2.3.09

Mengakhiri Dominasi Politis Laki-laki

Perempuan dituntut mampu mengekspresikan dirinya di lingkungan social-politik. Hal ini dibuktikan dengan adanya quota 30 % bagi perempuan untuk duduk di kursi legislasi sebagai bukti penghargaan terhadap perempuan dalam keterlibatannya menetapkan kebijakan terkait nasib bangsa ini kedepan. Tentunya perhatian yang besar tersebut terhadap perempuan juga berimbas pada kemampuan moral, intelektual, dan social perempuan tersebut.

Pertanyaan yang muncul adalah, benarkah perempuan yang 30% di kursi legislative tersebut benar-benar mampu membawa angin segar perubahan sebagai bukti keterwakilan perempuan-perempuan Indonesia untuk menyelesaikan berbagai problematikanya?

Untuk bisa duduk di kursi tersebut, tentunya diharapkan adalah yang benar-benar loyal terhadap pembelaan perempuan. Tidak hanya yang telah memiliki gelar atau pun jabatan.
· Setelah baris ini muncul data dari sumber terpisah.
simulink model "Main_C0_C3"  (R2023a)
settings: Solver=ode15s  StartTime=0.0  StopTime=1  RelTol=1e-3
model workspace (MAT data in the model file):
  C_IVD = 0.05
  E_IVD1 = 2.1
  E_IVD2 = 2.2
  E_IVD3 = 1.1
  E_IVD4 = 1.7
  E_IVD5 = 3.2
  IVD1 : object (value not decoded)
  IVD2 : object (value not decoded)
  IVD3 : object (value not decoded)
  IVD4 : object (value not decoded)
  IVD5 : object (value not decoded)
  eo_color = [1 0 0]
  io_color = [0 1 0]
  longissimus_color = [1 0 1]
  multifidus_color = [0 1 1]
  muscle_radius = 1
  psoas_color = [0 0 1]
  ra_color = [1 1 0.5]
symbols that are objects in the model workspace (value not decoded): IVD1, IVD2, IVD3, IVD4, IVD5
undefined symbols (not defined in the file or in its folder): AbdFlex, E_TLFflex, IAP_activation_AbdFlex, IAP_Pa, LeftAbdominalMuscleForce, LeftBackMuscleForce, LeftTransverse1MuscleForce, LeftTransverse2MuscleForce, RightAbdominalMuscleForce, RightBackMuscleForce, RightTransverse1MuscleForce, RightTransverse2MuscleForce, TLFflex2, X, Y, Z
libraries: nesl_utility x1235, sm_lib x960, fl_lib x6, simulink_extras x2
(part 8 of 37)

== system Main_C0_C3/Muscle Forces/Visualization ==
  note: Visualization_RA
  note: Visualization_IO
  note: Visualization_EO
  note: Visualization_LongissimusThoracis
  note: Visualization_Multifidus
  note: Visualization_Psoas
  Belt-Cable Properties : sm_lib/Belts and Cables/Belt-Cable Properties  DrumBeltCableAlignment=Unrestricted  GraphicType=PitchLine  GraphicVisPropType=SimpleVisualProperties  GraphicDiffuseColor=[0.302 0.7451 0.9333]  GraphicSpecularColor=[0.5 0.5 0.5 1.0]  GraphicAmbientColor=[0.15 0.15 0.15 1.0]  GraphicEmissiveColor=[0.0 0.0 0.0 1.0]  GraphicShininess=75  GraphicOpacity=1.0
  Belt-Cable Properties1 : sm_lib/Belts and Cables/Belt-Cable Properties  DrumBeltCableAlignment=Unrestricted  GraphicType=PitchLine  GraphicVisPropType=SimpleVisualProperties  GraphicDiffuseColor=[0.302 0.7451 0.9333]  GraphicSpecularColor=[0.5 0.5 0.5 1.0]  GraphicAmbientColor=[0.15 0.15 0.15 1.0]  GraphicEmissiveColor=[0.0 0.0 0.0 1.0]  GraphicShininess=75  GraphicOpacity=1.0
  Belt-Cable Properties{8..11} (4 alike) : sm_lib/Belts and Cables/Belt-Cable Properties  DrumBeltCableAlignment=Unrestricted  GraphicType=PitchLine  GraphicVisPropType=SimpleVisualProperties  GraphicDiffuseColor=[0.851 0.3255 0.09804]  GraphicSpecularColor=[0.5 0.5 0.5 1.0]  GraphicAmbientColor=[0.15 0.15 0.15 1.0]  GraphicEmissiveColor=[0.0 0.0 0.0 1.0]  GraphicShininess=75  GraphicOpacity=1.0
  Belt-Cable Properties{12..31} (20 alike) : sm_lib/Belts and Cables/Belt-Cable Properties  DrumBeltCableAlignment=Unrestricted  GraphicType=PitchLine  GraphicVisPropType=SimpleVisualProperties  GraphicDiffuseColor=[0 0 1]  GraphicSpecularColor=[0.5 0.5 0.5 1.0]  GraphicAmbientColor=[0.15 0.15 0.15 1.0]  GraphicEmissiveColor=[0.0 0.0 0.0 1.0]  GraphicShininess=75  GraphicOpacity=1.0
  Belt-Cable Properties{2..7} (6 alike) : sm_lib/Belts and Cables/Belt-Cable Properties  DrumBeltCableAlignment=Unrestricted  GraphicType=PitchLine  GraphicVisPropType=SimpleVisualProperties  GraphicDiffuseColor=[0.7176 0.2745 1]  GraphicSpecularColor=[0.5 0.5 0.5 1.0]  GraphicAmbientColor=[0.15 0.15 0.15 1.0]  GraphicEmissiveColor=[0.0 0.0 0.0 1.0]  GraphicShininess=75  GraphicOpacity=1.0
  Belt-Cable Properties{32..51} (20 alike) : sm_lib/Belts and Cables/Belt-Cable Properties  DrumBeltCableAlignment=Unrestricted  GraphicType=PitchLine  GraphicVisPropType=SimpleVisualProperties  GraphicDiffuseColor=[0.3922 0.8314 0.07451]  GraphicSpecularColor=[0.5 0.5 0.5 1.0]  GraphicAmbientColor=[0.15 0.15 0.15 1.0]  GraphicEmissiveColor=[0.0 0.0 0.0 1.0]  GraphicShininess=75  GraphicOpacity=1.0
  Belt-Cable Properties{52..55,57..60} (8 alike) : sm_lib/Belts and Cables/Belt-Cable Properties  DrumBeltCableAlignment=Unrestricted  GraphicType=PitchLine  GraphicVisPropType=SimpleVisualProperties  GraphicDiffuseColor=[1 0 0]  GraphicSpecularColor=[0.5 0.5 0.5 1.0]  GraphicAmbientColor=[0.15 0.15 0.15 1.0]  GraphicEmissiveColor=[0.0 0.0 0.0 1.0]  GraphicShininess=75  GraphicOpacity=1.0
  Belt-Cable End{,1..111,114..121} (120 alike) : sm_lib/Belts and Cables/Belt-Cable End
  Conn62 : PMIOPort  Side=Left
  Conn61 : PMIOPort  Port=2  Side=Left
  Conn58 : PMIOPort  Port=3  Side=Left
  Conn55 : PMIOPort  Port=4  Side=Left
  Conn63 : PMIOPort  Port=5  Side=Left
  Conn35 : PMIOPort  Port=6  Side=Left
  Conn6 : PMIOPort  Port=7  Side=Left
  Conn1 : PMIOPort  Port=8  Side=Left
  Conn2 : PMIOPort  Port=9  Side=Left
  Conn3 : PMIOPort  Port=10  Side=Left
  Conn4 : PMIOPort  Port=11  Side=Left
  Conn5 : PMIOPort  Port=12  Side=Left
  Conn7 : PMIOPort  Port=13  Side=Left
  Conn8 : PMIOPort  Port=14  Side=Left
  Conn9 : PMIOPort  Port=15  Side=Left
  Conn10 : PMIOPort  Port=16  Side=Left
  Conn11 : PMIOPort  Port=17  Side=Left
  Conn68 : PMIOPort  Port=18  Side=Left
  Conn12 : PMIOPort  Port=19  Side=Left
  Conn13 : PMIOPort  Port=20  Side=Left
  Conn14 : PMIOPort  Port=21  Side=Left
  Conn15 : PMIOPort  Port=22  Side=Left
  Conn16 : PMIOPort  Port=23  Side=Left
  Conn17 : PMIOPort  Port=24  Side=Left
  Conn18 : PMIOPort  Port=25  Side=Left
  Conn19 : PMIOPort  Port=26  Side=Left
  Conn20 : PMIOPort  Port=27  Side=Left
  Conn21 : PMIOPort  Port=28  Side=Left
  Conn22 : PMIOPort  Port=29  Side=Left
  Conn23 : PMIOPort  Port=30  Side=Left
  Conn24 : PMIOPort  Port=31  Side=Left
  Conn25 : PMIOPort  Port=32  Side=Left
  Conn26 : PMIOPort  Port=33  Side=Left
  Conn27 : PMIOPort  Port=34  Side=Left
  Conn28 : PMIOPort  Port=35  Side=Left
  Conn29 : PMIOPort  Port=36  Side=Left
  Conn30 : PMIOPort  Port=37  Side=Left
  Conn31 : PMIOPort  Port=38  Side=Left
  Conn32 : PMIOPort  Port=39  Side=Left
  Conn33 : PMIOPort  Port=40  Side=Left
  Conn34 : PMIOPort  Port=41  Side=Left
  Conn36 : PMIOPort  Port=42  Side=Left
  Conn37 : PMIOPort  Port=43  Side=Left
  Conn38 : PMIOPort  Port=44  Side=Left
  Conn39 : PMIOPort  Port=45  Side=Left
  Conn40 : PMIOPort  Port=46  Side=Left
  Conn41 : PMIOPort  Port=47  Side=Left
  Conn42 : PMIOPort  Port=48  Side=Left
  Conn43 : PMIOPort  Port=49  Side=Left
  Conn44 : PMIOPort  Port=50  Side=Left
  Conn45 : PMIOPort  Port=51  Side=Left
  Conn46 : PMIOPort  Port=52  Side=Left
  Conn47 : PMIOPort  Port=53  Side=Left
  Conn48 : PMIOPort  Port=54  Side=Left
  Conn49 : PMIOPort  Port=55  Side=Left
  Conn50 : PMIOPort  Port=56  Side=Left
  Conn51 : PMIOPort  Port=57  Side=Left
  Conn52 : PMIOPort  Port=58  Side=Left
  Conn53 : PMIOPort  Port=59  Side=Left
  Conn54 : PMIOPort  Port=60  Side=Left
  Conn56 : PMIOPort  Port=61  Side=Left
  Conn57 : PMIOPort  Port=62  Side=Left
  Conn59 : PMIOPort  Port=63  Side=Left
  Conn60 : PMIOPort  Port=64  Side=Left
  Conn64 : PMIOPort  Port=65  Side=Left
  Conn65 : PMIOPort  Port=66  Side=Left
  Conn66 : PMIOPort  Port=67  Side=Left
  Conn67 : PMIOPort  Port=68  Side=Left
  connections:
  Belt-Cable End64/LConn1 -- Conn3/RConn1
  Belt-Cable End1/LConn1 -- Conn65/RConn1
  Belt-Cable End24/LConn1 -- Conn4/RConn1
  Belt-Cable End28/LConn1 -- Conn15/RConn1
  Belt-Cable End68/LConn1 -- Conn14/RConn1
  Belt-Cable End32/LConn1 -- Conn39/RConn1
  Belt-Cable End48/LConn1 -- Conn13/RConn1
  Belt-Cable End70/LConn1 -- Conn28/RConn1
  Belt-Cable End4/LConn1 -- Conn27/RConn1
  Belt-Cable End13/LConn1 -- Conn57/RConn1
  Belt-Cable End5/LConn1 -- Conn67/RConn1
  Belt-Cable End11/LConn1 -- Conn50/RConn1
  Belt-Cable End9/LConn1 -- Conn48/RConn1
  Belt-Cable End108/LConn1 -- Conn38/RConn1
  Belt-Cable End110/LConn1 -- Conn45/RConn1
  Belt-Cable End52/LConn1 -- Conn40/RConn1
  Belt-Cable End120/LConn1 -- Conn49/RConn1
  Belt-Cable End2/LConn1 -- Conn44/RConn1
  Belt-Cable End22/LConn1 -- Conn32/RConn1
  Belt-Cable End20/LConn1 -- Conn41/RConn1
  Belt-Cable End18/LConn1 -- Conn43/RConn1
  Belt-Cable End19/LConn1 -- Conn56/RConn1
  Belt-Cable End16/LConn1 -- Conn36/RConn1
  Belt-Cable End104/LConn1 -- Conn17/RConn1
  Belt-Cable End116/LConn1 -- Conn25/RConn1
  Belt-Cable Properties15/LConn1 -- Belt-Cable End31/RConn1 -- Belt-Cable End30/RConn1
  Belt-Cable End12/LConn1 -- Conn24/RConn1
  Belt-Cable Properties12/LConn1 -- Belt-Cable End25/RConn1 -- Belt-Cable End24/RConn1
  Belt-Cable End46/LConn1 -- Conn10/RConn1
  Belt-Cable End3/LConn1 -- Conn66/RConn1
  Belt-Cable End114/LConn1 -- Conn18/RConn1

Loyalitas ini akan terlihat dari pengetahuannya terhadap berbagai persoalan perempuan bangsa hari ini, lalu upaya apa yang ditawarkannya sebagai solusi untuk merubah stagnasi peran dan posisi perempuan di Indonesia, serta menjawab persoalan yang ada di kalangan perempuan.

Kalau selama ini cenderung ada asumsi yang sedikit menyudutkan perempuan dengan minimnya posisi dan peran wakil perempuan di bangku legislative dikarenakan imej yang diberikan pada perempuan adalah makhluk lemah yang tidak akan mampu berbuat banyak untuk kepentingan umat dan Negara, maka hari ini asumsi itu akan berganti dengan berakhirnya dominasi politis laki-laki di kancah perpolitikan bangsa ini.

Dengan adanya quota 30% tersebut, sebetulnya malahan membatasi keberadaan perempuan di kursi tersebut. Kalau saja ide mengakhiri dominasi politis laki-laki dapat terealisasi, maka jatah 30% tersebut tidak akan mencukupi. Mengingat perempuan secara kuantitas di Indonesia memang jauh lebih banyak dibanding laki-laki. Namun, sudah menjadi rahasia umum barangkali ide tersebut tidak akan terealisasi karena secara umum untuk hal ini, kuantitas tidaklah menentukan kualitas.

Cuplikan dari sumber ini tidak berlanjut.